### Directions
The output is the lines below from the one with "doc.units = ezdxf.units.M" through the one with "doc.linetypes.add('DASHED', pattern=[0.75, 0.5, -0.25])", both included, printed exactly and with no other line.

### The data
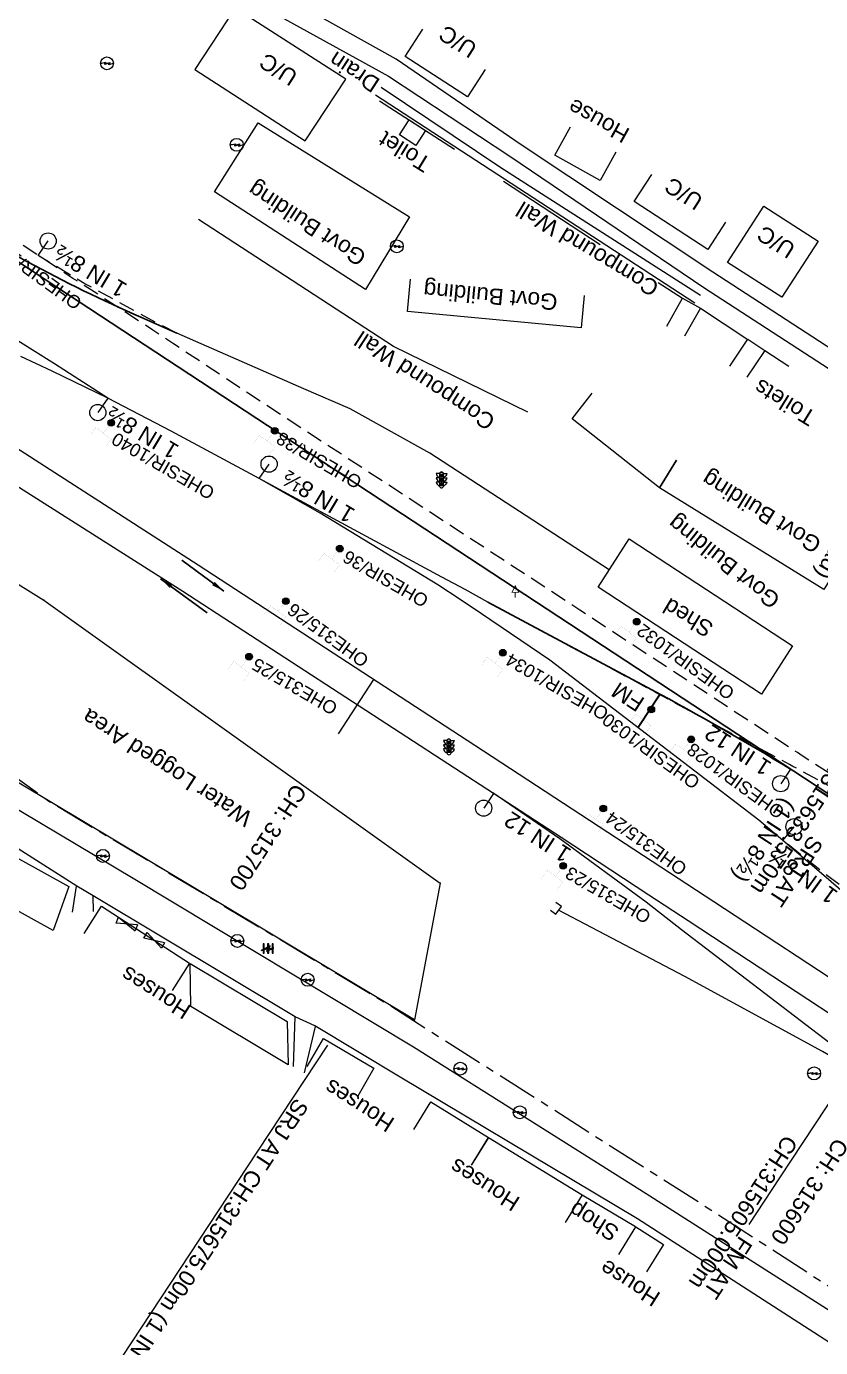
# Model space of a CAD drawing. Header units: metres. Extents: x 628572 to 650094, y 3375792 to 3391117.
# Drawn here: x 632051.1 to 632173.8, y 3388902.6 to 3389106.6 of the extents above; entities that cross this region are included whole.
import ezdxf
from ezdxf.enums import TextEntityAlignment as Align

# ---------------------------------------------------------------- set-up
doc = ezdxf.new("R2010")
doc.units = ezdxf.units.M
doc.header["$MEASUREMENT"] = 0
doc.linetypes.add('CENTER', pattern=[2, 1.25, -0.25, 0.25, -0.25])
doc.linetypes.add('DASHED', pattern=[0.75, 0.5, -0.25])
for name, color, linetype, lineweight in [('BUILDING_UNDER_CONS', 251, 'Continuous', 0), ('Commercial Building Pucca', 251, 'Continuous', 0), ('Compound Wall', 251, 'Continuous', 0), ('COMPOUND_WALL', 8, 'Continuous', 0), ('DRAIN_TOP', 5, 'Continuous', 0), ('Electric Pole', 251, 'Continuous', 0), ('Existing Chainage', 7, 'Continuous', 0), ('Existing IR Track', 143, 'Continuous', 0), ('Existing Railway Boundary', 7, 'CENTER', 0), ('flow direction', 7, 'Continuous', 0), ('Gate', 251, 'Continuous', 0), ('Govt buliding', 251, 'Continuous', 0), ('OHE MAST', 8, 'Continuous', 0), ('Residential Building Pucca', 251, 'Continuous', 0), ('RESIDENTIAL_BL_PUC', 251, 'Continuous', 0), ('RESIDENTIAL_BL_SEMI', 251, 'Continuous', 0), ('SH.NOS', 8, 'Continuous', 0), ('Shed', 251, 'Continuous', 0), ('Sign Board', 251, 'Continuous', 0), ("SIRHIND STN SRJ's", 251, 'Continuous', 0), ('Subroad Edge', 34, 'Continuous', 0), ('Text', 251, 'Continuous', 0), ('Transformer', 251, 'Continuous', 0), ('Water Logged Area', 5, 'Continuous', 0)]:
    doc.layers.add(name, color=color, linetype=linetype, lineweight=lineweight)
doc.layers.add('IR PROPOSALS', color=190, linetype='Continuous')
doc.styles.add('CUT-FILL', font='cut-fill.shx', dxfattribs={"height": 2})
doc.styles.get("Standard").update_dxf_attribs({"font": 'arial.ttf'})
doc.styles.add('Style-Arial', font='arial.ttf')
doc.styles.add('Text', font='arial.ttf', dxfattribs={"height": 2})
doc.dimstyles.new('ISO-25', dxfattribs={"dimtxt": 2.5, "dimasz": 2.5, "dimexe": 1.25, "dimexo": 0.625, "dimtad": 1, "dimtxsty": 'Standard', "dimcen": 2.5, "dimadec": 0, "dimazin": 0, "dimtfac": 1, "dimtmove": 0, "dimatfit": 3, "dimfxl": 1, "dimarcsym": 0})

# ---------------------------------------------------------------- blocks, each defined once
blk = doc.blocks.new('GT')
at = {"layer": 'Gate'}
for p, q in [((-0.5, -0.5), (-0.5, 0.5)), ((-0.5, 0.5), (0.5, -0.5)), ((0.5, 0.5), (0.5, -0.5))]:
    blk.add_line(p, q, dxfattribs=at)
at = {"layer": 'Gate', "flags": 128}
blk.add_lwpolyline([(0.5, 0.5), (-0.5, -0.5)], dxfattribs=at)
blk = doc.blocks.new('TSB15')
at = {"layer": 'SH.NOS', "const_width": 0.132, "flags": 128}
blk.add_lwpolyline([(-0.46, 0.79), (0.59, 0.79), (0.05, 1.8), (-0.46, 0.79)], close=True, dxfattribs=at)
at = {"layer": 'SH.NOS', "const_width": 0.142, "flags": 128}
blk.add_lwpolyline([(0.05, 0.79), (0.05, -0.05)], dxfattribs=at)
at = {"layer": 'SH.NOS', "insert": (-0.11, 0.93), "char_height": 0.2, "attachment_point": 7, "line_spacing_factor": 0.6, "style": 'CUT-FILL'}
blk.add_mtext('15', dxfattribs=at)
blk = doc.blocks.new('TRF')
blk.add_hatch(color=256).paths.add_polyline_path([(-0.18, -0.39), (0.02, 0.04), (-0.98, -0.29), (0.38, 0.42), (0.22, -0.04), (0.98, 0.09)])
for p, q in [((-0.69, 0.72), (-0.69, -0.72)), ((-0.52, 0.72), (-0.69, 0.72)), ((-0.52, -0.72), (-0.52, 0.72)), ((0, 0.72), (0, -0.72)), ((0.17, 0.72), (0, 0.72)), ((0.17, -0.72), (0.17, 0.72)), ((0.7, 0.72), (0.7, -0.72)), ((0.87, 0.72), (0.7, 0.72)), ((0.87, -0.72), (0.87, 0.72)), ((-0.69, -0.72), (-0.52, -0.72)), ((0, -0.72), (0.17, -0.72)), ((0.7, -0.72), (0.87, -0.72))]:
    blk.add_line(p, q)
at = {"flags": 128}
blk.add_lwpolyline([(0.22, -0.04), (0.38, 0.42), (-0.98, -0.29), (0.02, 0.04), (-0.18, -0.39), (0.98, 0.09), (0.22, -0.04)], close=True, dxfattribs=at)
blk = doc.blocks.new('SIG')
for color, points in [(1, [(-0.22, 0.42, 0.180295), (-0.01, 0.33, -0.00255), (0.01, 0.33, -0.00255), (0.02, 0.33, 0.180295), (0.23, 0.42, -0.002654), (0.25, 0.44, 0.184495), (0.33, 0.65, 1.000001), (-0.32, 0.65, 0.184495), (-0.24, 0.44, -0.002654)]), (2, [(0.23, -0.23, -0.002654), (0.25, -0.21, 0.184495), (0.33, 0.01, 1.000001), (-0.32, 0.01, 0.184495), (-0.24, -0.21, -0.002654), (-0.22, -0.23, 0.180295), (-0.01, -0.32, -0.00255), (0.01, -0.32, -0.00255), (0.02, -0.32, 0.180295)]), (3, [(0.23, -0.88, -0.002654), (0.25, -0.86, 0.184495), (0.33, -0.64, 1.000001), (-0.32, -0.64, 0.184495), (-0.24, -0.86, -0.002654), (-0.22, -0.88, 0.395599)])]:
    blk.add_hatch(color=color).paths.add_polyline_path(points)
for p, q in [((-0.31, 0.98), (-0.32, -0.9)), ((0.33, -0.9), (0.32, 0.98))]:
    blk.add_line(p, q)
at = {"flags": 128}
for points in [[(-0.31, 0.98), (-0.81, 0.98, 0.198758), (-0.42, 0.41, 0.003814), (-0.31, 0.39)], [(-0.31, 0.33), (-0.81, 0.33, 0.198758), (-0.42, -0.23, 0.003727), (-0.32, -0.26)], [(0.32, 0.98), (0.82, 0.98, -0.198758), (0.44, 0.41, -0.003814), (0.32, 0.39)], [(0.32, 0.33), (0.82, 0.33, -0.198758), (0.44, -0.23, -0.003727), (0.33, -0.26)], [(-0.32, -0.32), (-0.81, -0.32, 0.198758), (-0.42, -0.88, 0.003639), (-0.32, -0.9)], [(0.33, -0.32), (0.82, -0.32, -0.198758), (0.44, -0.88, -0.003639), (0.33, -0.9)]]:
    blk.add_lwpolyline(points, format="xyb", dxfattribs=at)
for centre, radius, start, end in [((0.01, 0.91), 0.324, 12.4049, 167.5951), ((0.01, 0.81), 0.357, 27.7578, 152.2422), ((0.01, -0.9), 0.324, 181.4572, 358.5428)]:
    blk.add_arc(centre, radius, start, end)
blk = doc.blocks.new('EP')
blk.add_hatch(color=8).paths.add_polyline_path([(0.31, -0.24), (0.31, 0), (-0.31, -0.19), (-0.31, 0.07), (-0.93, -0.01), (-0.21, 0.16), (-0.21, -0.05), (0.43, 0.15), (0.41, -0.1), (0.94, -0.01)])
at = {"color": 8}
for p, q in [((-0.93, -0.01), (-0.21, 0.16)), ((-0.31, 0.07), (-0.93, -0.01)), ((-0.31, -0.19), (-0.31, 0.07)), ((0.31, 0), (-0.31, -0.19)), ((-0.21, 0.16), (-0.21, -0.05)), ((-0.21, -0.05), (0.43, 0.15)), ((0.31, -0.24), (0.31, 0)), ((0.43, 0.15), (0.41, -0.1)), ((0.94, -0.01), (0.31, -0.24)), ((0.41, -0.1), (0.94, -0.01))]:
    blk.add_line(p, q, dxfattribs=at)
blk.add_circle((0, 0), 1, dxfattribs=at)
blk = doc.blocks.new('OHE MAST')
h = blk.add_hatch(color=256)
edge = h.paths.add_edge_path()
edge.add_arc((0, 0), 0.514, 0, 360)
at = {"const_width": 0.01, "flags": 128}
for points in [[(1.5, 3.5), (1.5, 2), (-1.5, 2), (-1.5, 3.5)], [(0, 2), (0, 0)]]:
    blk.add_lwpolyline(points, dxfattribs=at)
blk.add_circle((0, 0), 0.514)

msp = doc.modelspace()

# ---------------------------------------------------------------- linework, layer by layer
at = {"layer": 'BUILDING_UNDER_CONS', "linetype": 'Continuous', "flags": 128}
for points in [[(632100.451, 3389098.447), (632083.378, 3389109.447), (632077.11, 3389099.946), (632094.183, 3389088.946), (632100.451, 3389098.447)], [(632173.381, 3389073.476), (632167.791, 3389064.798), (632159.41, 3389070.166), (632165.008, 3389078.8564), (632173.381, 3389073.476)]]:
    msp.add_lwpolyline(points, close=True, dxfattribs=at)
for points in [[(632121.959, 3389099.937), (632119.243, 3389095.739), (632109.623, 3389101.963), (632112.339, 3389106.161)], [(632159.0954, 3389076.3719), (632156.373, 3389072.178), (632144.987, 3389079.569), (632147.7094, 3389083.7629)]]:
    msp.add_lwpolyline(points, dxfattribs=at)
at = {"layer": 'Commercial Building Pucca', "flags": 128}
msp.add_lwpolyline([(632119.86, 3388930.8174), (632122.475, 3388935.079), (632136.935, 3388926.206), (632134.32, 3388921.9444)], dxfattribs=at)
at = {"layer": 'Compound Wall', "flags": 128}
for points in [[(632128.549, 3389047.041), (632107.801, 3389057.209), (632077.704, 3389076.799)], [(632136.935, 3388926.206), (632145.181, 3388921.337)]]:
    msp.add_lwpolyline(points, dxfattribs=at)
at = {"layer": 'COMPOUND_WALL', "linetype": 'Continuous', "flags": 128}
for points in [[(632105.651, 3389095.11), (632117.23, 3389087.644)], [(632124.773, 3389082.736), (632139.703, 3389072.94)], [(632148.667, 3389067.087), (632152.4578, 3389064.6742)], [(632155.21, 3389063.117), (632162.54, 3389058.257)], [(632165.162, 3389056.583), (632168.854, 3389054.137)]]:
    msp.add_lwpolyline(points, dxfattribs=at)
at = {"layer": 'DRAIN_TOP', "linetype": 'Continuous', "flags": 128}
for points in [[(632105.054, 3389096.027), (632123.749, 3389083.862), (632154.342, 3389063.922)], [(632105.928, 3389097.222), (632124.384, 3389084.85), (632155.216, 3389065.117)]]:
    msp.add_lwpolyline(points, dxfattribs=at)
at = {"layer": 'Existing Chainage', "color": 7, "linetype": 'Continuous', "lineweight": 13, "flags": 128}
msp.add_lwpolyline([(632099.3201, 3388997.3801), (632104.7798, 3389005.7582)], dxfattribs=at)
at = {"layer": 'Existing IR Track', "flags": 128}
for points in [[(632063.6762, 3389049.2281), (632055.4502, 3389054.5404), (632052.0201, 3389056.6546), (632046.9664, 3389059.8373), (632034.8599, 3389067.7192), (632026.0695, 3389073.732), (632008.348, 3389086.7936), (631992.608, 3389099.7488), (631979.4824, 3389111.4118), (631969.1131, 3389121.0532), (631950.3516, 3389138.6669), (631945.4004, 3389143.2853), (631940.5577, 3389147.9356), (631929.8291, 3389158.0151), (631918.914, 3389168.1831), (631907.8921, 3389178.5534), (631893.923, 3389192.529)], [(632269.3784, 3388898.0284), (632253.5851, 3388908.3993), (632236.3854, 3388919.6688), (632219.0787, 3388931.0083), (632204.4192, 3388940.5301), (632200.5006, 3388943.1461), (632179.8567, 3388956.6531), (632157.3016, 3388971.4724), (632120.3603, 3388995.6049), (632077.6404, 3389023.4441), (632042.4428, 3389046.0532), (632025.9109, 3389056.4508), (631978.2149, 3389085.0394), (631958.8702, 3389096.1914), (631952.0938, 3389100.0722), (631933.0273, 3389110.9402), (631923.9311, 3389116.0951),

### Result below
doc.units = ezdxf.units.M
doc.header["$MEASUREMENT"] = 0
doc.linetypes.add('CENTER', pattern=[2, 1.25, -0.25, 0.25, -0.25])
doc.linetypes.add('DASHED', pattern=[0.75, 0.5, -0.25])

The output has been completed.